# General Aesthetic Taste



## Aelthwyn (Oct 27, 2010)

I'm not going to say there's really a trend between type and what sort of style they like, even though there could be some stereotypical associations. 

In _general_, thinking of a variety of things like: home decor, people you find attractive, clothing style, fonts, cars, artwork, appliances, etc. do you tend to be drawn to things that are more

- cuddly, cute and rounded
ex: overstuffed armchairs, VW Bugs, hoodies, comic sans font, pandas

- delicate and intricate
ex: etched wine glasses, caligraphy, lace trim, gothic architecture, gazelles

- striking, simple and classy
ex: black & white tile, sheath dresses, e-type jaguars, panthers

- surdy/chunky/blocky and utilitarian
ex: jeeps, doc martins, strong square jawlines, industrial equipment, bison


(P.S. I'm having deja vu so forgive me if I already posted something like this a while back...)


----------



## Wild (Jul 14, 2014)

I want to say delicate and intricate but I think that my forum signature/picture/everything begs to differ :laughing:


----------



## BellChell1234 (Dec 2, 2015)

I love seeing pictures like frost on windows, and water droplets. So small, so fragile.


----------



## Cthulhu And Coffee (Mar 8, 2012)

Very interesting question. I guess sturdy/chunky/blocky and utilitarian. INFP

I do love VW Bugs and hoodies, though DX Maybe...70% sturdy/chunky and 30% cuddly/cute. With the other two options, I feel like I'm no good around delicate or otherwise fancy things. I'd end up breaking it all.

Think Ramona Flowers and Roxy Richter:


----------



## ai.tran.75 (Feb 26, 2014)

Surrealistic and whimsical i suppose - whether that applies to nature - art- human beings or images in my dreams and imagination etc 


Sent from my iPhone using Tapatalk


----------



## Mizmar (Aug 12, 2009)

I'm having trouble wrapping my mind around those four categories, or grasping what things fall under which category and why. I'm not sure my tastes correlate to any of them.

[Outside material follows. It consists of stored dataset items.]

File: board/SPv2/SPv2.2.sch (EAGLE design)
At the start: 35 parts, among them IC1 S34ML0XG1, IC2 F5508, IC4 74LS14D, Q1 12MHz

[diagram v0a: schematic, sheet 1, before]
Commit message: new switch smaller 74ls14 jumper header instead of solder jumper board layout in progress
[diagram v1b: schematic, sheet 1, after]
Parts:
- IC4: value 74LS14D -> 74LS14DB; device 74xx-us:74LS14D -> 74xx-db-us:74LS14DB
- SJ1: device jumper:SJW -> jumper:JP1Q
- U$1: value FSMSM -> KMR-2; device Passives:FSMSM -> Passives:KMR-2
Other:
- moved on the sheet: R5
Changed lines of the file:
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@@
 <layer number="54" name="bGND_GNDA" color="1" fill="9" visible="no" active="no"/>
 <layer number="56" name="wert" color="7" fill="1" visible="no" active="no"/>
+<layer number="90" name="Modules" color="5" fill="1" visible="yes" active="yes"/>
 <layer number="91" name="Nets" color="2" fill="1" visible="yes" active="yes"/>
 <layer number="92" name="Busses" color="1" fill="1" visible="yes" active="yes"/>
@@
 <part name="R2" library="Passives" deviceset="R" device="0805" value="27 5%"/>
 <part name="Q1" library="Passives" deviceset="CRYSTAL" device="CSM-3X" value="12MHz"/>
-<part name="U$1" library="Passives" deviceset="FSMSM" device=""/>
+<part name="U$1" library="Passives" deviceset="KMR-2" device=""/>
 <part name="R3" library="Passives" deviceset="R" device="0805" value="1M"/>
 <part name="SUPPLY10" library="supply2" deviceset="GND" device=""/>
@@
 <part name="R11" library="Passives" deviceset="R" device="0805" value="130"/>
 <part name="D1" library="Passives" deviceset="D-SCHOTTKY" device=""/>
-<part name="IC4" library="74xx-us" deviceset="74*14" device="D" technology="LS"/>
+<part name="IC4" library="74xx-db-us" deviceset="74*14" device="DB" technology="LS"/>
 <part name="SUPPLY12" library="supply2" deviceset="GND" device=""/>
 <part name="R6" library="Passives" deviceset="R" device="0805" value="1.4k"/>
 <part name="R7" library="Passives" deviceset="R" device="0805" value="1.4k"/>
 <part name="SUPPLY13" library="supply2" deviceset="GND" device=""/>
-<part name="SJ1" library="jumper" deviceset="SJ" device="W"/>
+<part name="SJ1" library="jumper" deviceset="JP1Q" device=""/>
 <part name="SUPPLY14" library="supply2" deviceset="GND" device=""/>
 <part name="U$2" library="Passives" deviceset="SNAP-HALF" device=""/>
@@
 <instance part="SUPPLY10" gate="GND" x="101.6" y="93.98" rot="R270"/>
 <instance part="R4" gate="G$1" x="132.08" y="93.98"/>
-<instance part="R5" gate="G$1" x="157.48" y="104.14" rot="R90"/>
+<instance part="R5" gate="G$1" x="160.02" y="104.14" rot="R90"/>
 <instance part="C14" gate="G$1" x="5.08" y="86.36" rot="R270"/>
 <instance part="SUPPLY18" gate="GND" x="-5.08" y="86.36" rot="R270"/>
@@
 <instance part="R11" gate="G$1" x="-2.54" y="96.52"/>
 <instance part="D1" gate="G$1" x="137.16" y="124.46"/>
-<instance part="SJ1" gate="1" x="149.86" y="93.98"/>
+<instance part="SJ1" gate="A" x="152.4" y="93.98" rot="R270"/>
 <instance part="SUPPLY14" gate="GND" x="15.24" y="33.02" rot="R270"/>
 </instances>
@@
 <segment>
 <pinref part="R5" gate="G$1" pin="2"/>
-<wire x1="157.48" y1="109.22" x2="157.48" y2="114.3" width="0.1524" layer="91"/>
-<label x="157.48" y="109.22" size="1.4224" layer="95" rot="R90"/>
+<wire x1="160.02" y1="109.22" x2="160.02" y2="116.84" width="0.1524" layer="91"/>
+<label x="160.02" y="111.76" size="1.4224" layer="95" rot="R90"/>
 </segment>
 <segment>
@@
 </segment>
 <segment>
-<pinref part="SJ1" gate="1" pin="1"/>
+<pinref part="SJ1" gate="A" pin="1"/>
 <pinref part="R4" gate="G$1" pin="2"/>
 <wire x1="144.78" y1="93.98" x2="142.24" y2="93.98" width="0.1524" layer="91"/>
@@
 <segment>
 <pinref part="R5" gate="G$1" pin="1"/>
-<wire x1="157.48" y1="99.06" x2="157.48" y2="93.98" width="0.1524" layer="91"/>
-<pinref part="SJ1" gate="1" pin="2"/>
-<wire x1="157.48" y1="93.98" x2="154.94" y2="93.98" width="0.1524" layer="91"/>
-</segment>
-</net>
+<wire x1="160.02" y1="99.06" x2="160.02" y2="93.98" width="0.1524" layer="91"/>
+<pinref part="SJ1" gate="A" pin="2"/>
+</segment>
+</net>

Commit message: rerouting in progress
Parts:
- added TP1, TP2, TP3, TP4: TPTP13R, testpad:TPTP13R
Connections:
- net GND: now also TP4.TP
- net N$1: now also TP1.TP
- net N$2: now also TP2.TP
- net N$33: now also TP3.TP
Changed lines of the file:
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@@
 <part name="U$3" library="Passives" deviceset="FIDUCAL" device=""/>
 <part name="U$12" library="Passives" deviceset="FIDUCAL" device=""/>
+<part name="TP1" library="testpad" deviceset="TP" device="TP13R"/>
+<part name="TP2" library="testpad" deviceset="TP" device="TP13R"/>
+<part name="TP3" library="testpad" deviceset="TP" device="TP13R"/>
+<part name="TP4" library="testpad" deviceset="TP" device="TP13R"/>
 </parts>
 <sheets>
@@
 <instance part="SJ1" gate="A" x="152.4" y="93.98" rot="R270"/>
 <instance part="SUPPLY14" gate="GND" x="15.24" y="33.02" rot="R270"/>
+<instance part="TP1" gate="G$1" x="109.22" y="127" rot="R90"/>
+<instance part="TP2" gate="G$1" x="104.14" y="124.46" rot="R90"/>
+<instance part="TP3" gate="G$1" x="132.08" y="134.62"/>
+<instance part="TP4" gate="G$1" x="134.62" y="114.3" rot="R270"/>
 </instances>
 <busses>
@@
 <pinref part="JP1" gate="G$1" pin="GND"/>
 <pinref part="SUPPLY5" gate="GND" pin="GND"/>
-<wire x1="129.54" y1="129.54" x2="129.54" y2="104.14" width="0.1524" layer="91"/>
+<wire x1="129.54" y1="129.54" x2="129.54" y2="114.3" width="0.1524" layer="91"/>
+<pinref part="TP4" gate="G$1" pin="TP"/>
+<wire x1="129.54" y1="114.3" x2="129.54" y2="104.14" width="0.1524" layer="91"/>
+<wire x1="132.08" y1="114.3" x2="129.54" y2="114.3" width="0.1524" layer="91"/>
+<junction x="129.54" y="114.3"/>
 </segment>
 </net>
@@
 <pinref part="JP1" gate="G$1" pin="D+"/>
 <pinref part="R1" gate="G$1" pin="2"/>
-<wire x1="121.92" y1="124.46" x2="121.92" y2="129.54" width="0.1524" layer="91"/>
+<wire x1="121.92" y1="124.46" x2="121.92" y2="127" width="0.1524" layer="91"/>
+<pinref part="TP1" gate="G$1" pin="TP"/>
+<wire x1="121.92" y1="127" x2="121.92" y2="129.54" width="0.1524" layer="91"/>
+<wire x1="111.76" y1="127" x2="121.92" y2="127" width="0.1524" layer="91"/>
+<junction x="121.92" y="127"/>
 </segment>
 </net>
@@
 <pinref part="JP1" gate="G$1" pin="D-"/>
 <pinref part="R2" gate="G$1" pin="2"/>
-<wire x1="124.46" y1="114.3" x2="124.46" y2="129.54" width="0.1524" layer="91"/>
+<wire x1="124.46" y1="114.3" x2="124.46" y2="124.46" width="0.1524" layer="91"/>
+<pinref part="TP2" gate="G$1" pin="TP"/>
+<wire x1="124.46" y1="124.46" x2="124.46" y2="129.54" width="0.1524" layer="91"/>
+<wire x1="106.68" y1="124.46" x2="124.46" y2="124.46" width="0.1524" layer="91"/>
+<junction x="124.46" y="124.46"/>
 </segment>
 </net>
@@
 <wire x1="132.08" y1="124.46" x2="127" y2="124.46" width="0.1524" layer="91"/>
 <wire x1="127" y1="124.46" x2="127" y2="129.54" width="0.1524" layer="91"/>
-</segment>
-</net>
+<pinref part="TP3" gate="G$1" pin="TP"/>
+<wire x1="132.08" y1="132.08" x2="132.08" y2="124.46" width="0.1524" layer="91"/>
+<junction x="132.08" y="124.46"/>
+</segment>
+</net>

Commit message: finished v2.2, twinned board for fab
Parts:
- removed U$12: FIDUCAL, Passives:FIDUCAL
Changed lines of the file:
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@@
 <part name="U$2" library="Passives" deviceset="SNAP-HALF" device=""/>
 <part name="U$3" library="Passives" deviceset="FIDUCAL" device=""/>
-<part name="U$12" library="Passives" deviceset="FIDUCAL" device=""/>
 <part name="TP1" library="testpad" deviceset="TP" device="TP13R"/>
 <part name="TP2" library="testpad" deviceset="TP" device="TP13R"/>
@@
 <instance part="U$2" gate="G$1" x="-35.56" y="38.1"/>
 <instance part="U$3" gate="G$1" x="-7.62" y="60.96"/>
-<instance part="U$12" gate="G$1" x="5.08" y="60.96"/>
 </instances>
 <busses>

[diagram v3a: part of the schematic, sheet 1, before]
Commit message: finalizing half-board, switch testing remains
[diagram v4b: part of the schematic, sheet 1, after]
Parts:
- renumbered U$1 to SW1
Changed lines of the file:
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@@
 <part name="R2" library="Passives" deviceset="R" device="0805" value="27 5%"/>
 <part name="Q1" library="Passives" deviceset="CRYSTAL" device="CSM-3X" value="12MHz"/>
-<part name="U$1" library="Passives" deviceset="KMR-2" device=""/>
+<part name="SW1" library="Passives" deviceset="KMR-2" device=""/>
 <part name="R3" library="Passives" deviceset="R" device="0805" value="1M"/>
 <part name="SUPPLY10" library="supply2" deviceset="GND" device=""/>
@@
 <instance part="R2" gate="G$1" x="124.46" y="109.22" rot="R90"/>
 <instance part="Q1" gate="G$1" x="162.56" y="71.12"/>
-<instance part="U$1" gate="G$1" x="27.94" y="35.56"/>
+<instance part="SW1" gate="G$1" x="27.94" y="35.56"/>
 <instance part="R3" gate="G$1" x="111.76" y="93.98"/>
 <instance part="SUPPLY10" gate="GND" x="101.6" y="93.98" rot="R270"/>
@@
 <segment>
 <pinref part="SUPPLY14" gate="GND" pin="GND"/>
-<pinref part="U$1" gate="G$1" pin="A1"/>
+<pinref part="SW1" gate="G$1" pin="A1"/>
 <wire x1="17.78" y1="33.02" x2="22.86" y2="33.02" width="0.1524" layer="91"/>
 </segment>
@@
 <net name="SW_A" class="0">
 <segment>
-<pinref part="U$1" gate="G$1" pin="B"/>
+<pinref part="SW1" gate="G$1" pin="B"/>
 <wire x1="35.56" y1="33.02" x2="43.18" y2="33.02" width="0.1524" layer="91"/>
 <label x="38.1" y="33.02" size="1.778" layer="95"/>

My favorite colors are (in no particular order) pink, orange, brown, gold, and cream. I don't like purple because it reminds me of grape soda. I generally prefer matte to glossy. Some things I find pretty include insects, gargoyles, sauropods, airships, Christmas lights, jellyfish, and giant mosasaurs! The only cars that appeal to me visually are old-fashioned, pre-1960s cars. I kinda like the steampunk aesthetic, although I don't dress that way myself. I think I look good in black!


----------



## Szebora (Nov 9, 2015)

Meh. How about something else? It's called "my category":
- victorian/Second Empire/gothic americana/carpenter gothic/50s architecture, furniture and style
- hot rods/rat rods/street rods/old cars (1940-1967)
- tall ships/steamships/modern ships
- zeppelins
- monkeys/bears/bats/spiders/rats/reptiles/creepy clowns
- cold weapon
- tattoos
- combat boots/leather jacket/psychobilly (punk, metal etc.) stuff
- nature
- Spiderman


----------



## Catwalk (Aug 12, 2015)

> - striking, simple and classy
> ex: black & white tile, sheath dresses, e-type jaguars, panthers



Well, I will most identify with this ---> Minimal / sleek / elegance / simplistic / classy / conservative + modest / formal (re: black & white re: high-class fashion) -_ picturesque sophistication._ Within moments of leisure --> baggy, blasé, passively idle.

_> Little black dress
> Red lipsticks
> Business suits
> Turtle necks
> Black boots
> Leather_

General attired colors -> Black, white, grey, (re: darks) peach / pinks. - Color coordination / matching. Other colors obtain if formally present / fit my interests style wise & usually obtain in times of leisure.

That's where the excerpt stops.